Jest środek zimy, a ja zastanawiam się czy na lato się ociepli!
Dotarłam na Wrzosową Łąkę. Wcześniej nie zauważyłam że w ogóle nie
kwitnie. Sam zapach zeschniętych łodyg wydawał się wspaniały.
Westchnęłam z rozmarzeniem i rozejrzałam się. Suzanna już czekała.
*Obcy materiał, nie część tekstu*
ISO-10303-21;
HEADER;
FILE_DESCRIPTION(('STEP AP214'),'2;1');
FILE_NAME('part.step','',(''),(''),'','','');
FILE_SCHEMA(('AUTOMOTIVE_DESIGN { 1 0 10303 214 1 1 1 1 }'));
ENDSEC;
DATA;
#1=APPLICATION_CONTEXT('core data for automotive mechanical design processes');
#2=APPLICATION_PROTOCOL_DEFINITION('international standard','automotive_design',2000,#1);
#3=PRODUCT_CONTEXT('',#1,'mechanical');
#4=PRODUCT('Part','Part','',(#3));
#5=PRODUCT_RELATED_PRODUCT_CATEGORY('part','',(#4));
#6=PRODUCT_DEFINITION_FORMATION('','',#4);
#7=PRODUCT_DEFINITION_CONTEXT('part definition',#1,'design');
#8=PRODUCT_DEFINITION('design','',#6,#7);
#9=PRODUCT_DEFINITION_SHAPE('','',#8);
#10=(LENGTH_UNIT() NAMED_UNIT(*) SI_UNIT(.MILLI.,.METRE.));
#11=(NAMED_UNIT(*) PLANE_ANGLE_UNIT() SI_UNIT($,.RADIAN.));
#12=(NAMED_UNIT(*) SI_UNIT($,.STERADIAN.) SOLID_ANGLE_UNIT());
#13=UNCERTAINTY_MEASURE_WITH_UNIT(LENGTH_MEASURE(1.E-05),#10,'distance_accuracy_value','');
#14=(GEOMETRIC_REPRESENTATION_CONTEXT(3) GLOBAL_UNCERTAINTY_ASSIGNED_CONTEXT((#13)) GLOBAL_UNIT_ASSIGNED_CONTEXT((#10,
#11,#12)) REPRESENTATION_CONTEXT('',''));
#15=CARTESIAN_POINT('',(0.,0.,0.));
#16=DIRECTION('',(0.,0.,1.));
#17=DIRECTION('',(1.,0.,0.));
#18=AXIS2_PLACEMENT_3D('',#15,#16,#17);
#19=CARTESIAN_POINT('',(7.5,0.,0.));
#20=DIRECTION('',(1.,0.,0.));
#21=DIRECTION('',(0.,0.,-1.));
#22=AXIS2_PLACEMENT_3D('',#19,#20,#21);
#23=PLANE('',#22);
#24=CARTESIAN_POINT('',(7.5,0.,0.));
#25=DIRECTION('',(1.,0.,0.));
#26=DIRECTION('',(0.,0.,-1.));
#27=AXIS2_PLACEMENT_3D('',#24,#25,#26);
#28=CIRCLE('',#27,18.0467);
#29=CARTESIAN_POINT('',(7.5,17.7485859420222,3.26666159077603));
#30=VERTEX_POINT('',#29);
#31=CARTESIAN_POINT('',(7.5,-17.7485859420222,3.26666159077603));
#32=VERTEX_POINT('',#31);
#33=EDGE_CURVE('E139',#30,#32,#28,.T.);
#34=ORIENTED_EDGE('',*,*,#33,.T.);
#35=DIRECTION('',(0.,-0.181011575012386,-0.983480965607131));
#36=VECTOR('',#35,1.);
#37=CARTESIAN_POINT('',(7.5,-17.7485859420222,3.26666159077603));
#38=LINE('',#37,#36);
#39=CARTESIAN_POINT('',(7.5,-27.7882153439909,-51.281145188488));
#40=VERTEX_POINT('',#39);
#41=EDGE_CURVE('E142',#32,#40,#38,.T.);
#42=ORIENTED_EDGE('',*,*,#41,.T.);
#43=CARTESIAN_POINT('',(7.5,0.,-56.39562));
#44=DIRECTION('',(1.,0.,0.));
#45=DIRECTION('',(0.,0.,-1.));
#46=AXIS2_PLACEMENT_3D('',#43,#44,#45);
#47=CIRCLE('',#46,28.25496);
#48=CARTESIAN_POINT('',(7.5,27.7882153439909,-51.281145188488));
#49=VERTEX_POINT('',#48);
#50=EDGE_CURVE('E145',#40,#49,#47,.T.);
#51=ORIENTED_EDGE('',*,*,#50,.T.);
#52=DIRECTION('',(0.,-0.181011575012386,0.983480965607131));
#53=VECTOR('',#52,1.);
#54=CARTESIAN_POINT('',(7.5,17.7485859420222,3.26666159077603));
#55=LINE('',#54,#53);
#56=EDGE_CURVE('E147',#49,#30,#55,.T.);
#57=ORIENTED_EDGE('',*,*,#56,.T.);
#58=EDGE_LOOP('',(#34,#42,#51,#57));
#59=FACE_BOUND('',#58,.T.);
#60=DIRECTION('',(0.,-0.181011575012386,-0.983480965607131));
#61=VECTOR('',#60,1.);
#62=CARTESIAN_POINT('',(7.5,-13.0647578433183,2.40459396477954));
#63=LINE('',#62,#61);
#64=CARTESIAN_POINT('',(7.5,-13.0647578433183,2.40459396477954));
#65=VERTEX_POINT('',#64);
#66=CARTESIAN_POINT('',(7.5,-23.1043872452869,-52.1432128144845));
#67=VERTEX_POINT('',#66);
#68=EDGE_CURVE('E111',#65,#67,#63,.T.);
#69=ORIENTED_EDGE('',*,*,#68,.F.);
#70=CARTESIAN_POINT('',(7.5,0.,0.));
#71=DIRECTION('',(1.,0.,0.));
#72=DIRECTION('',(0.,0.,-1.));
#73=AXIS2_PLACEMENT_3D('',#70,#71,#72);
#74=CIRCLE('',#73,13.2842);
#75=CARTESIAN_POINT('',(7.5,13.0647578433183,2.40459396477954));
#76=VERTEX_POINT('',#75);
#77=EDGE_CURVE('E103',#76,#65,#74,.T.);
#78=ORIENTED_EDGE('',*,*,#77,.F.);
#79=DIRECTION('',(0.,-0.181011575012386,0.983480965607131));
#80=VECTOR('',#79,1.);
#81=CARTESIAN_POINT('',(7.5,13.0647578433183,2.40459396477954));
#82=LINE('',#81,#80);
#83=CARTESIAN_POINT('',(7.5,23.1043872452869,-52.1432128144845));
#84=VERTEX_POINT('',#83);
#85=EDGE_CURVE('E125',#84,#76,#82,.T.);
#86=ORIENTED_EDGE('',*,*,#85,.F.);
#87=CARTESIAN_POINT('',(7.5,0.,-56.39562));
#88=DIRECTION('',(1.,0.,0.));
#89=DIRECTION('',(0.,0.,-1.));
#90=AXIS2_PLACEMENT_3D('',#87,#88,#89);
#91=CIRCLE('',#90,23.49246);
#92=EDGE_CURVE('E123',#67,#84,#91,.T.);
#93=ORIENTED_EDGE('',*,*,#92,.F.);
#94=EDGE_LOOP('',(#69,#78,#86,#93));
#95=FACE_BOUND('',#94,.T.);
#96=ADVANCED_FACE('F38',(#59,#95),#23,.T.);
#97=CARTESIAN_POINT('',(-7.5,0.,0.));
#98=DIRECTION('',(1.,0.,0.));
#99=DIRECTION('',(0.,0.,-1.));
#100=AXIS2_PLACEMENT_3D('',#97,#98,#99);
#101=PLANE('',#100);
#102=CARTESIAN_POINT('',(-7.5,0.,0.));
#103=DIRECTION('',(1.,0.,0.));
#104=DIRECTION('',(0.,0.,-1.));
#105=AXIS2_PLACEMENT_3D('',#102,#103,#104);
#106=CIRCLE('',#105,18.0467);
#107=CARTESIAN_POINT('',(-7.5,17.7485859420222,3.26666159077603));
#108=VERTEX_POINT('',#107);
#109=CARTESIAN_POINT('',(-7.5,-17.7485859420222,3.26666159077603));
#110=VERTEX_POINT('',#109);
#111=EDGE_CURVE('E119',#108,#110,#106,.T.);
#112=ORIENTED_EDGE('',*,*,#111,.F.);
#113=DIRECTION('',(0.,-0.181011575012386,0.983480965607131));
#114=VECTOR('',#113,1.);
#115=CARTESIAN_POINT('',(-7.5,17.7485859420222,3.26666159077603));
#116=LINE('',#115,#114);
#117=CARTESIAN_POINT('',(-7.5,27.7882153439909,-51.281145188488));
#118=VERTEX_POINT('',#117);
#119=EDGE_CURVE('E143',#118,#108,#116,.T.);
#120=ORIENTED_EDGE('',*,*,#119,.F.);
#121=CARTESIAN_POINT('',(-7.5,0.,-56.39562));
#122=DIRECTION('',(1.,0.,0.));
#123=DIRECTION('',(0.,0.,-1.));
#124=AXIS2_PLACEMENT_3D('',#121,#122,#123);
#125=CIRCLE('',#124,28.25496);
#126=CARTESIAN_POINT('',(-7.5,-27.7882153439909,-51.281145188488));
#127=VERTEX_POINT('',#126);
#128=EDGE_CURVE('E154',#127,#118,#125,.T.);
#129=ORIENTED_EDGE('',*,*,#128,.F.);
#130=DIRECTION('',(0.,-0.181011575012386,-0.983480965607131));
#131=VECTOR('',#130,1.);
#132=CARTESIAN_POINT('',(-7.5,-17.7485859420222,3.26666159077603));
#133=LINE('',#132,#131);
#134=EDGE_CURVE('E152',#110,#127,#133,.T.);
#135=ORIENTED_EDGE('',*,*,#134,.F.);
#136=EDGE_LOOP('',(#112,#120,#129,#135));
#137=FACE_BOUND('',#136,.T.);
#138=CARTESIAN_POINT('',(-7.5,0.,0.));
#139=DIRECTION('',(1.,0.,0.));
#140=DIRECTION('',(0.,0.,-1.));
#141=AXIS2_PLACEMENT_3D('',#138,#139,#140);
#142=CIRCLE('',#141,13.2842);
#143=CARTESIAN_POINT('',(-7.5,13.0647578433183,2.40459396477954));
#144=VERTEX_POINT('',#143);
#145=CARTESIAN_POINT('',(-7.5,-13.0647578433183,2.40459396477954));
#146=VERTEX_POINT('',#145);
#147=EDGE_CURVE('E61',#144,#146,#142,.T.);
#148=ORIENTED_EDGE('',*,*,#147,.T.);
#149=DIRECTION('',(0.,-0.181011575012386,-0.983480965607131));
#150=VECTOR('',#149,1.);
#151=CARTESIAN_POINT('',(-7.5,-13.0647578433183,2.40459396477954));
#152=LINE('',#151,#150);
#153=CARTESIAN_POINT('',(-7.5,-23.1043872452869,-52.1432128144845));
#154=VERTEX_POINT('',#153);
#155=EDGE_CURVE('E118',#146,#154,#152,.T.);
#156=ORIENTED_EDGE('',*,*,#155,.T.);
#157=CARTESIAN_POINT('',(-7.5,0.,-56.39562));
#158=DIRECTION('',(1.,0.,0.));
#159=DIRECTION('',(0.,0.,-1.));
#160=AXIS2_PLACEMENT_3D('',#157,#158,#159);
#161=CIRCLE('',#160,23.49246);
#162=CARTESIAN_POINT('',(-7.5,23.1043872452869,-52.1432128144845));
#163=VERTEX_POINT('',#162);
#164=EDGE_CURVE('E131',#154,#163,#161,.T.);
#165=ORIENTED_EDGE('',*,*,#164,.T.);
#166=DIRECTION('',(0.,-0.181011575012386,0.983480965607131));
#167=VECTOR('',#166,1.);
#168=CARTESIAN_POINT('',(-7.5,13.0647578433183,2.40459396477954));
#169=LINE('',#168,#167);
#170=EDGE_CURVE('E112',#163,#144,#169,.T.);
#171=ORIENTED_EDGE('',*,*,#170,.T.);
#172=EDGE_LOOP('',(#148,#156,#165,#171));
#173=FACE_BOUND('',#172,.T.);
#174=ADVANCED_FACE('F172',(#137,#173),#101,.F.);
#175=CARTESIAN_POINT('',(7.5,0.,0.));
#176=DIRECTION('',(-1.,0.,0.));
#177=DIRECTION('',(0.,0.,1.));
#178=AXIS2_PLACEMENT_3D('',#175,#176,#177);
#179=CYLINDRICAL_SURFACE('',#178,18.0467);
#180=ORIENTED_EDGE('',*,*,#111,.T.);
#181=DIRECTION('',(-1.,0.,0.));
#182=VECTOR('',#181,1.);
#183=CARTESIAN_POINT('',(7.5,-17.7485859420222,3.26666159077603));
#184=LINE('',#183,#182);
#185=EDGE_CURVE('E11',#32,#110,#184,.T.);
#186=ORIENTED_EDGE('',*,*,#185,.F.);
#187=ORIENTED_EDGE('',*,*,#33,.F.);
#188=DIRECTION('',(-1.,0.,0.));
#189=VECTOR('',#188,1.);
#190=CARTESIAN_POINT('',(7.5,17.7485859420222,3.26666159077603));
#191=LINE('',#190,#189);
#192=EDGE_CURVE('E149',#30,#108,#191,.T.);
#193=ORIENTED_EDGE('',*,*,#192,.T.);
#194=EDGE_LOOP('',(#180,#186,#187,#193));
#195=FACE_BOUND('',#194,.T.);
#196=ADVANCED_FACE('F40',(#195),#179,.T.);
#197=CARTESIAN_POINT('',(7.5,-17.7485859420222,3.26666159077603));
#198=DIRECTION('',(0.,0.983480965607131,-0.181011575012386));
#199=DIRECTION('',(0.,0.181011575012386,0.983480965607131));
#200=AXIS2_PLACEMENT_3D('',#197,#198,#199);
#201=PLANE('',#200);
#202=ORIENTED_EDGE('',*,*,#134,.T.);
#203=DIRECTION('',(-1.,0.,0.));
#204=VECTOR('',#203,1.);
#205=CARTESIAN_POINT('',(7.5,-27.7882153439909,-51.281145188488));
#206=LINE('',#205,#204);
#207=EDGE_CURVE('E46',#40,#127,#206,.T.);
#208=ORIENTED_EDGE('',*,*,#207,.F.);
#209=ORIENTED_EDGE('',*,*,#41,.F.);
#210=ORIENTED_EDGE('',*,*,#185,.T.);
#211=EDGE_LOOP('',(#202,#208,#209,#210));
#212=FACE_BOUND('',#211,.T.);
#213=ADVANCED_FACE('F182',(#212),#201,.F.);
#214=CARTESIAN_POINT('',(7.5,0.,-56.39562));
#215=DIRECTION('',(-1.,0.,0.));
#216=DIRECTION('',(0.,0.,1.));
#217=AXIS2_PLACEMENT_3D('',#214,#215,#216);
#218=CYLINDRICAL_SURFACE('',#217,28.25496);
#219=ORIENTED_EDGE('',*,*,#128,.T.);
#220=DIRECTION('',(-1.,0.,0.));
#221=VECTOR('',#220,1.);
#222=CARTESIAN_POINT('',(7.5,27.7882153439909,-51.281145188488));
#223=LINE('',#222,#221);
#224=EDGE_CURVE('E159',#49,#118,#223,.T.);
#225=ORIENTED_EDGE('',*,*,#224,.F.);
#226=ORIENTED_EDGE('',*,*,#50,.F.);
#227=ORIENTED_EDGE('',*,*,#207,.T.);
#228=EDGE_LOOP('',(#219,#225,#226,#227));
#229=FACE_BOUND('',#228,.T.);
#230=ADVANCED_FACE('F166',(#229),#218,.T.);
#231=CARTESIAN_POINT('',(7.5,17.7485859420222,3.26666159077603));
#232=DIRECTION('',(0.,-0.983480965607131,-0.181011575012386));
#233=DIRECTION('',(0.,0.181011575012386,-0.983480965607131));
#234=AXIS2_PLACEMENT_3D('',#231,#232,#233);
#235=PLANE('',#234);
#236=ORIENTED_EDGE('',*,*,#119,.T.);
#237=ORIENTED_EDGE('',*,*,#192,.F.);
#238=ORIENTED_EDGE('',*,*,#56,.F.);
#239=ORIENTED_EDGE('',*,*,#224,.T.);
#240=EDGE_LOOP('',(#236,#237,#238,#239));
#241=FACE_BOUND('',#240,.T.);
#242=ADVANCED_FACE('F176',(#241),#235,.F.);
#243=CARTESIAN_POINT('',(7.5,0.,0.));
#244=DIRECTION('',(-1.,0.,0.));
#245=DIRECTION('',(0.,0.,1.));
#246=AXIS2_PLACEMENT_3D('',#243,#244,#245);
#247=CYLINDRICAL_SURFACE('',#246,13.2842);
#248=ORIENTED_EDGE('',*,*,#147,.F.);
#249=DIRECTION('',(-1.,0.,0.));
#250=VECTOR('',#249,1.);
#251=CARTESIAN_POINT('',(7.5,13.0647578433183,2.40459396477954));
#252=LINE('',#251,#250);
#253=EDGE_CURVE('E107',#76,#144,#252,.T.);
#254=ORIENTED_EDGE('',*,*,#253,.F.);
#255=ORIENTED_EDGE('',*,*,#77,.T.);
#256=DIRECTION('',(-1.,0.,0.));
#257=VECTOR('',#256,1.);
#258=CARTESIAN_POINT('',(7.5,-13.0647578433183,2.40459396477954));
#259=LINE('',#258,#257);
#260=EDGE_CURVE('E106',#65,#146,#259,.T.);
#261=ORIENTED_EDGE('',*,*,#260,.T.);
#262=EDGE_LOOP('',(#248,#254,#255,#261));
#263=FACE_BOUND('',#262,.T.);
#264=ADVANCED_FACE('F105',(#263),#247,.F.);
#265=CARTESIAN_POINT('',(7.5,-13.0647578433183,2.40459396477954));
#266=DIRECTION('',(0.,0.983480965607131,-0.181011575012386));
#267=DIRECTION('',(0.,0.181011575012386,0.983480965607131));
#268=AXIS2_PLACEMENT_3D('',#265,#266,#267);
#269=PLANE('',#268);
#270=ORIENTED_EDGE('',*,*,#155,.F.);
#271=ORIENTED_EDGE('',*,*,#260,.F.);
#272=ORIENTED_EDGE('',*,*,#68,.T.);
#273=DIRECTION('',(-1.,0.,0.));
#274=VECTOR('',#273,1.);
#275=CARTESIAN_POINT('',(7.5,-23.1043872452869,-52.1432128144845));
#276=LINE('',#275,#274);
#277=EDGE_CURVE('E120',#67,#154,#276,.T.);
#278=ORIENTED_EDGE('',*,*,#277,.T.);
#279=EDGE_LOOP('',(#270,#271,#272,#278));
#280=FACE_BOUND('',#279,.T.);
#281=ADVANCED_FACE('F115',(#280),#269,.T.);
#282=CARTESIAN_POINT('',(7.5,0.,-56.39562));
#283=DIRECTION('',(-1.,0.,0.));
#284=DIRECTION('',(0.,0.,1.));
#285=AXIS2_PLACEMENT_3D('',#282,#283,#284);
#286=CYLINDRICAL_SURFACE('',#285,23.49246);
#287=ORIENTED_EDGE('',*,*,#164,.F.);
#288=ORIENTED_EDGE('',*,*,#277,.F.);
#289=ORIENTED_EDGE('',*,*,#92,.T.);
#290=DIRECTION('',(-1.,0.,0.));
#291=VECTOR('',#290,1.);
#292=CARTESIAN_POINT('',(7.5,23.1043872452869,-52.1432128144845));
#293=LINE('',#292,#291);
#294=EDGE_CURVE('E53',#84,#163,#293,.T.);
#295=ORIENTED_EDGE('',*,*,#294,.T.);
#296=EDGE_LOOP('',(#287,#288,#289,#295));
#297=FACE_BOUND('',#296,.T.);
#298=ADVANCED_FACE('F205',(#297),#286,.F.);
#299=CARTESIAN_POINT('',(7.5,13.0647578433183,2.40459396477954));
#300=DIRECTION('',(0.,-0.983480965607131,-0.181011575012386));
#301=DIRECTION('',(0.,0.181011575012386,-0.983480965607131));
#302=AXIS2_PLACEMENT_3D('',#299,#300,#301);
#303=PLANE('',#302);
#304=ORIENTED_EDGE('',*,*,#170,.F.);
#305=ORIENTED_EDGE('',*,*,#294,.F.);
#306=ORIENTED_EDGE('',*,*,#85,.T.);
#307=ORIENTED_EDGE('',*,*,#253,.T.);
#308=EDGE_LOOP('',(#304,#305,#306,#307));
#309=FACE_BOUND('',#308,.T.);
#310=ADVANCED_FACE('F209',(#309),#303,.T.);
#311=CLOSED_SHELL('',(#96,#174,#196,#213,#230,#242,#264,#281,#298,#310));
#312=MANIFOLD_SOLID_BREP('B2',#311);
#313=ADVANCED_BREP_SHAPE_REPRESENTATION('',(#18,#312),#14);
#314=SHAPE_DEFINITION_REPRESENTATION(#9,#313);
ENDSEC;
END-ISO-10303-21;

Uśmiech zagościł na moim pysku, gdy zauważyłam że na polanie jest już
Zirael. Miałam ogromną ochotę przyjrzeć się jej sierści. Kolory różowy i
fioletowy w tak pięknym, jaskrawym odcieniu są dla mnie nowością.
- Dzień dobry! Czekamy jeszcze na kogoś? – spytałam podekscytowana pierwszym treningiem.
- Dzień dobry. Tak, czekamy jeszcze na Sierrę. – odpowiedziała Suzanna.
Zgodnie z postanowieniem zaczęłam przyglądać się niesamowitej sierści
Zirael. Spojrzała na mnie zdziwiona.
- Przepraszam, ale masz takie niesamowite futro. Tam skąd pochodzę te kolory są raczej rzadko spotykane – wyjaśniłam.
- Aha… - krótko odpowiedziała. Co ja powiedziałam? Może tutaj takie zachowanie uważane jest za dziwne…
Wtedy przyszła Sierra. Przywitała się z Alfą i zajęła miejsce obok
Zirael. Z lekkim zniecierpliwieniem zaczęłam przyglądać się Suzannie.
- Dobrze. Na początek biegnijcie w stronę Zielonego Lasu, następnie do
Wodopoju, zawróćcie na Wschodnim Klifie i biegnijcie z powrotem. Jeśli
chcecie, możecie się ścigać. Tylko nie oszukujcie. Ustawcie się tu. –
wskazała miejsce obok dużej kępy trawy. Ustawiłam się na miejscu.
- Gotowe? Start! – zerwałam się z miejsca, ale momentalnie zostałam w
tyle. Wbiegłam do lasu. Czułam cudowny powiew wiatru na pysku. Wpadłam
na małą polankę i spłoszyłam stado zajęcy. W oddali zamigotała woda. To
pewnie Wodopój. Dobiegając tam spróbowałam go przeskoczyć, ale
przeceniłam swoje możliwości i wpadłam do wody. Prychając i parskając
wydostałam się na brzeg, po czym ruszyłam dalej. Dla zabawy wskoczyłam w
stado saren i ujadając przegoniłam je. Ku mojej wielkiej radości
pobiegły w stronę Wschodniego Klifu. Jednak skubane szybko mnie zgubiły,
a ja musiałam już zawracać. Po dziesięciu minutach wróciłam zdyszana na
Wrzosową Łąkę. Zirael i Sierra już tam były i patrzyły na mnie wzrokiem
z gatunku ,,No nareszcie’’. Pewnie przybyłam długo po nich.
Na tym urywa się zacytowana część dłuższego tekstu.